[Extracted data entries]
•••••

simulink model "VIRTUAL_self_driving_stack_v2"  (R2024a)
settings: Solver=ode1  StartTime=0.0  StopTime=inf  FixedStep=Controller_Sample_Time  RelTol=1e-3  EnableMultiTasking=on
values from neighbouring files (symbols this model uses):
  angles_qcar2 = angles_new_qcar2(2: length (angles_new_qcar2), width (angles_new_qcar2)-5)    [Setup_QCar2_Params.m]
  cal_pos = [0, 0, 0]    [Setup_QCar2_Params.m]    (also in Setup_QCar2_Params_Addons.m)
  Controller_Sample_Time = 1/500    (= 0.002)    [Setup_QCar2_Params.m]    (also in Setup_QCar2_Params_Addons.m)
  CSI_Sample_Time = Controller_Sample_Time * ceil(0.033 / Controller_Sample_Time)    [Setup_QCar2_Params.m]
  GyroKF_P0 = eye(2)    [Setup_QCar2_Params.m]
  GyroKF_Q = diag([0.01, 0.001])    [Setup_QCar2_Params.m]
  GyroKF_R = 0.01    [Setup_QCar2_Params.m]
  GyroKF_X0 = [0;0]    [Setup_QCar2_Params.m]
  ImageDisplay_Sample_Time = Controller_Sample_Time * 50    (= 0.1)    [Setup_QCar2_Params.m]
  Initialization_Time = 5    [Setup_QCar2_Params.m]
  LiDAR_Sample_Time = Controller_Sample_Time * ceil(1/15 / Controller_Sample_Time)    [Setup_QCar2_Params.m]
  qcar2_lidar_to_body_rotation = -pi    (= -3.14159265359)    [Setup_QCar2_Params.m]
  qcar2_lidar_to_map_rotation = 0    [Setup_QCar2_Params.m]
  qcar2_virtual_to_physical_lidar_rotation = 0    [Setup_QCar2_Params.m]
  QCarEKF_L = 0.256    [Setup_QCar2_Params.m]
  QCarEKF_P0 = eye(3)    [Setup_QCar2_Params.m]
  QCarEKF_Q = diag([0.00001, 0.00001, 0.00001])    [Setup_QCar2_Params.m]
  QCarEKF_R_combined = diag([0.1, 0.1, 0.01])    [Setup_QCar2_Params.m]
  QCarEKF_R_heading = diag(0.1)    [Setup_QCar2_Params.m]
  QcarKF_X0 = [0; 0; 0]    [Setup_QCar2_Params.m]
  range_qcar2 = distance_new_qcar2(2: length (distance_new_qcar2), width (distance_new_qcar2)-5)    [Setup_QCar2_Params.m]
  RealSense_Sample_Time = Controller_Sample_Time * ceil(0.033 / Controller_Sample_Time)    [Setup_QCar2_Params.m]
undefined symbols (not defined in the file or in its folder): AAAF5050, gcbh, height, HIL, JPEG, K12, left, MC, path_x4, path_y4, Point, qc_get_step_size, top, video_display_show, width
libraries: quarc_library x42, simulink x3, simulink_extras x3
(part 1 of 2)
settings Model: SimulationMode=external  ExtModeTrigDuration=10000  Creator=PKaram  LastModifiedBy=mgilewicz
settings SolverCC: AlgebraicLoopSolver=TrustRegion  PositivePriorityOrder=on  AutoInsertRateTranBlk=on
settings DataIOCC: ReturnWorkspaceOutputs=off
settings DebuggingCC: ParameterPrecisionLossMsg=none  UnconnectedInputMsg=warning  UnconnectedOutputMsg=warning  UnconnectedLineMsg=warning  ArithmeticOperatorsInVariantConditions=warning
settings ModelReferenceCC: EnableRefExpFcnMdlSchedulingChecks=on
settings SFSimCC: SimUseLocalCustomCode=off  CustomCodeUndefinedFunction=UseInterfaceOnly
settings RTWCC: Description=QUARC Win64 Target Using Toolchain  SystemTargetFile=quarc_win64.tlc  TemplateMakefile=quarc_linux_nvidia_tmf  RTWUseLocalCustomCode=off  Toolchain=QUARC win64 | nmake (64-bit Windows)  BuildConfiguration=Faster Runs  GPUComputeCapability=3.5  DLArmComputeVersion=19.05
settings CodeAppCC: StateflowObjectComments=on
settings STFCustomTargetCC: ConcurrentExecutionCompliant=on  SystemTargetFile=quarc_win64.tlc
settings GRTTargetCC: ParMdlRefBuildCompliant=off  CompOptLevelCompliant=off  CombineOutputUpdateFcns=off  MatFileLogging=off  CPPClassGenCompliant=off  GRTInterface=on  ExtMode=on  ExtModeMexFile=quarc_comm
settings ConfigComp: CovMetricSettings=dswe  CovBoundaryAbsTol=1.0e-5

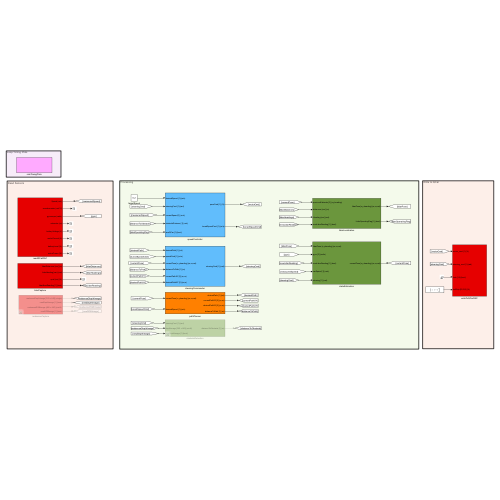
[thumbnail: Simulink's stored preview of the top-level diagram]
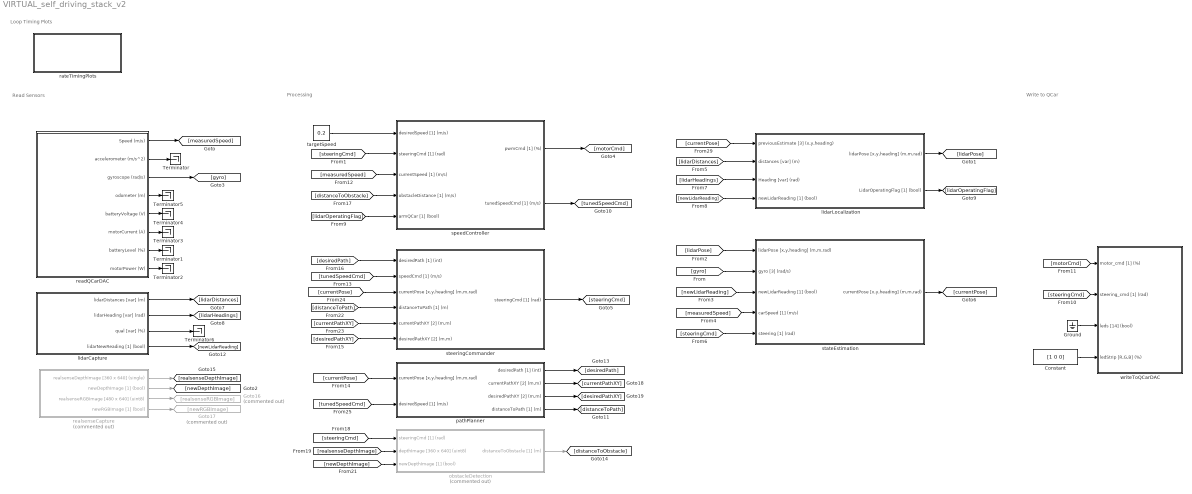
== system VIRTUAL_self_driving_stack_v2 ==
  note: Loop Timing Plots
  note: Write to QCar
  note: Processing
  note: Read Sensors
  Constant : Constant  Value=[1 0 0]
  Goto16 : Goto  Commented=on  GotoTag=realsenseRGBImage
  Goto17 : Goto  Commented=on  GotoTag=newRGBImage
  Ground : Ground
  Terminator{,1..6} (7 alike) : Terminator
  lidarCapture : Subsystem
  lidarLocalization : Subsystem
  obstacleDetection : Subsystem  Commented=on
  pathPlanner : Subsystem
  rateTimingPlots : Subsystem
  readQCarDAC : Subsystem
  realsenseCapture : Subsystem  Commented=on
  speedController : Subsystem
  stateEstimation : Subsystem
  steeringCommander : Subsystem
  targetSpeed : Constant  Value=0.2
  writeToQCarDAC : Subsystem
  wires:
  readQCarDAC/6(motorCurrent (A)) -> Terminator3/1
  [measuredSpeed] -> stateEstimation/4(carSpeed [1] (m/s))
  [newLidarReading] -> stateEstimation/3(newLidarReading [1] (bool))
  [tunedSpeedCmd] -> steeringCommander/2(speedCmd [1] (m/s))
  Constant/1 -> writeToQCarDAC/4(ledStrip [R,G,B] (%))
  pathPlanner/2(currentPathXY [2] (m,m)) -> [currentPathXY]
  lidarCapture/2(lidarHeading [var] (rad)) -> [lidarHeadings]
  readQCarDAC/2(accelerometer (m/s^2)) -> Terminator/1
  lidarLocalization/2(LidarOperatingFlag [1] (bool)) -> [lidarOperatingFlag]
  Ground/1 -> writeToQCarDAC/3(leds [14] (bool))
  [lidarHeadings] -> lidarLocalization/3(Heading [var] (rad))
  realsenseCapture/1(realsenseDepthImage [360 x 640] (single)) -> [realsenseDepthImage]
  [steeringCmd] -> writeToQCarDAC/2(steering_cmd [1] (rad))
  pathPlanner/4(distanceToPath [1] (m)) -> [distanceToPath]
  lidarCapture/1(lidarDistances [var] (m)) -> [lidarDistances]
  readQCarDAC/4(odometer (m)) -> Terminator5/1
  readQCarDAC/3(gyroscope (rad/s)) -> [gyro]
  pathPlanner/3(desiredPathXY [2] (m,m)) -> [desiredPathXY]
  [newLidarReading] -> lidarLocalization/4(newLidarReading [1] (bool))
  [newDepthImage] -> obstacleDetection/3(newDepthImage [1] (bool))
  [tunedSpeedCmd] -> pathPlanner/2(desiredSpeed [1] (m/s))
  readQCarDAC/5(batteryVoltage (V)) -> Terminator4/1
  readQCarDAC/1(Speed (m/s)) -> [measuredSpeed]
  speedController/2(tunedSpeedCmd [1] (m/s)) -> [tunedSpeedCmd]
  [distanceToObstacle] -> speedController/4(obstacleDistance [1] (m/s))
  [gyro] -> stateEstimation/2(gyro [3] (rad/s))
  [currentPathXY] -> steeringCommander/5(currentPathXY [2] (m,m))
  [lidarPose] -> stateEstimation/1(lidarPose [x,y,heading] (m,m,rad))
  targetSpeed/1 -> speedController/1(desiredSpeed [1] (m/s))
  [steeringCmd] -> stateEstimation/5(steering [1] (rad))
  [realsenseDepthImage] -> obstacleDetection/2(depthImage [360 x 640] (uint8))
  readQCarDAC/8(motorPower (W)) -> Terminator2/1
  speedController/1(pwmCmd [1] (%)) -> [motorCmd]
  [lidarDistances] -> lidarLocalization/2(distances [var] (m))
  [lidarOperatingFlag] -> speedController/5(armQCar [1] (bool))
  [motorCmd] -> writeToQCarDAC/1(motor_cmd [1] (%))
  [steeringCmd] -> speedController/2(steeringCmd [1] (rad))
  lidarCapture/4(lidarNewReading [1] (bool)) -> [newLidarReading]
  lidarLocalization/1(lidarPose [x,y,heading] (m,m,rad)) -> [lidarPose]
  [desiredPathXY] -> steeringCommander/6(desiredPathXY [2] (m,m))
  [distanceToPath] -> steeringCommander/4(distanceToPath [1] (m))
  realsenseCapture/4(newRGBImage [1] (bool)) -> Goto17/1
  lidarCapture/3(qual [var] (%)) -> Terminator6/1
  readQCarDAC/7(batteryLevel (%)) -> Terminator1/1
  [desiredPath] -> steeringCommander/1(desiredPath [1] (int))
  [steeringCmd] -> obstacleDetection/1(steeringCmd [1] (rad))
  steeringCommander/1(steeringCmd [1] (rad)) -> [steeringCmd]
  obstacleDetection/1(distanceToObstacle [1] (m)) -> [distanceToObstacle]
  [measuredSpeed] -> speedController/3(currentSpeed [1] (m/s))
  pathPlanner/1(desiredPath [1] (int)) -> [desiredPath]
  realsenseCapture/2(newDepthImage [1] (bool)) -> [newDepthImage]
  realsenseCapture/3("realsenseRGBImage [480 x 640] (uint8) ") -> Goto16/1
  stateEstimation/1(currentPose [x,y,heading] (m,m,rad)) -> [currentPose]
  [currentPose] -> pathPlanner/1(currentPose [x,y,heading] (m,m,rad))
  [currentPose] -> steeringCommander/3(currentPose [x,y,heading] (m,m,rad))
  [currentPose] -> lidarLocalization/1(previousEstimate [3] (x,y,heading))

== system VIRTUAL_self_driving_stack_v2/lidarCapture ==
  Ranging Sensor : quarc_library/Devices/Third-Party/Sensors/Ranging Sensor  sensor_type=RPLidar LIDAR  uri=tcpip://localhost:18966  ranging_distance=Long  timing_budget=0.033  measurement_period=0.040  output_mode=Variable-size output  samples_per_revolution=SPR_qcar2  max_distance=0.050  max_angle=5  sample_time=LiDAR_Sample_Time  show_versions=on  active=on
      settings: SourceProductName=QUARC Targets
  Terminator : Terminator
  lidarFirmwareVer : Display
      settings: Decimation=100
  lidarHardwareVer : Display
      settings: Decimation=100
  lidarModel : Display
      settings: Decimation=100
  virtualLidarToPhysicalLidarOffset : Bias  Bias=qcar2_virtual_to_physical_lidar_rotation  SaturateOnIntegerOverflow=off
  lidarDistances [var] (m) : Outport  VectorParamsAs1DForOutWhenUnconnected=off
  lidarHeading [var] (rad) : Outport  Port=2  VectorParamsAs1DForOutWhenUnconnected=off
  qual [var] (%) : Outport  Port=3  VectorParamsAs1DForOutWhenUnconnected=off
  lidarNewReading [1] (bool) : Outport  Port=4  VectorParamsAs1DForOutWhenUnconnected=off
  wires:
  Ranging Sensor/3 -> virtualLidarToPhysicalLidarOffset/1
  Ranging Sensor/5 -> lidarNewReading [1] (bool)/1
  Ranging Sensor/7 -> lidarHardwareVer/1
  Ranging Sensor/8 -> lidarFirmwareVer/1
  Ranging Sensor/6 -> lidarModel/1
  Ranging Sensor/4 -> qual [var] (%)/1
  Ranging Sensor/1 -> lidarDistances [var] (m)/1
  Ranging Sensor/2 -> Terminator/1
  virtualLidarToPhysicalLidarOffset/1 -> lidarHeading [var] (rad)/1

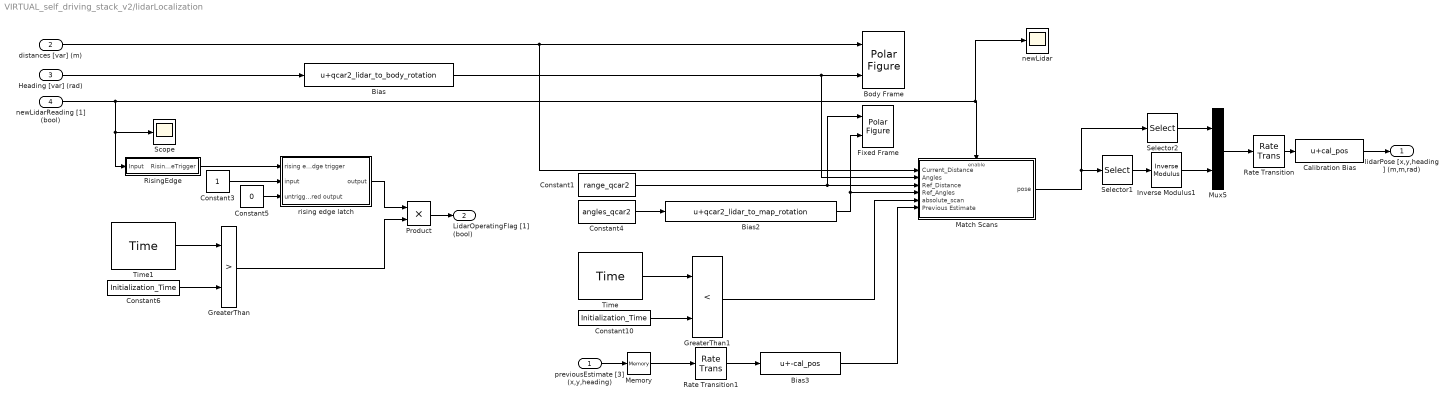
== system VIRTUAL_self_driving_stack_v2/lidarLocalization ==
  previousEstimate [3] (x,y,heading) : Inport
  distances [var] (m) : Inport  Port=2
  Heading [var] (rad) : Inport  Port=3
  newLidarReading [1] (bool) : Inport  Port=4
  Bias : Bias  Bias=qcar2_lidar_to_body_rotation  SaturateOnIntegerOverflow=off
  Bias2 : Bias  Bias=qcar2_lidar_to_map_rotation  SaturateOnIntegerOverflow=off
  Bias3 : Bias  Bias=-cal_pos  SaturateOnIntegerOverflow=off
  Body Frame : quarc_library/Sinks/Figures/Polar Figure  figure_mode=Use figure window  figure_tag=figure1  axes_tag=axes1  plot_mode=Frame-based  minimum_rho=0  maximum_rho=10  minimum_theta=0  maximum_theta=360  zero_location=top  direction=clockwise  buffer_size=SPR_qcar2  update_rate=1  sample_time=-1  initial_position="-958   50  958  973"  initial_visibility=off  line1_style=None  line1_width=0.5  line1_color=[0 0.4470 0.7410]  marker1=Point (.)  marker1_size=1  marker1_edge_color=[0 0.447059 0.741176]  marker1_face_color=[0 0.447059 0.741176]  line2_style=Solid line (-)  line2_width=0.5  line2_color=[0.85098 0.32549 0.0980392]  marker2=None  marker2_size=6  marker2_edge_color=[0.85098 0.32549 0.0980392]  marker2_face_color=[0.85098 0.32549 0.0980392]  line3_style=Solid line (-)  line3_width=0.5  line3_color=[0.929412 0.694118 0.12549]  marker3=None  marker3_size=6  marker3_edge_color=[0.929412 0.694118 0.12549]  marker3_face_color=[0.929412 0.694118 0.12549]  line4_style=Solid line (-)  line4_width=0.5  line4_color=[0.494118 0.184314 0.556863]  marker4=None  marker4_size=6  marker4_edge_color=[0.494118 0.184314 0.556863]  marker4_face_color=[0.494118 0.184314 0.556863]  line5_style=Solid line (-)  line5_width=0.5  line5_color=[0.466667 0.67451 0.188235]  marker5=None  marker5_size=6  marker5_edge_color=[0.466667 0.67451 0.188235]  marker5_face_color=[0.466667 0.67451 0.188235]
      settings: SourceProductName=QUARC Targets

•••••

### [Exercise]
Only one stretch of the records above is wanted: the lines between the one holding "[distanceToObstacle] -> speedController/4(obstacleDistance" and the one holding "targetSpeed/1 -> speedController/1(desiredSpeed", inclusive, reproduced exactly.

### [Response to this task]
  [distanceToObstacle] -> speedController/4(obstacleDistance [1] (m/s))
  [gyro] -> stateEstimation/2(gyro [3] (rad/s))
  [currentPathXY] -> steeringCommander/5(currentPathXY [2] (m,m))
  [lidarPose] -> stateEstimation/1(lidarPose [x,y,heading] (m,m,rad))
  targetSpeed/1 -> speedController/1(desiredSpeed [1] (m/s))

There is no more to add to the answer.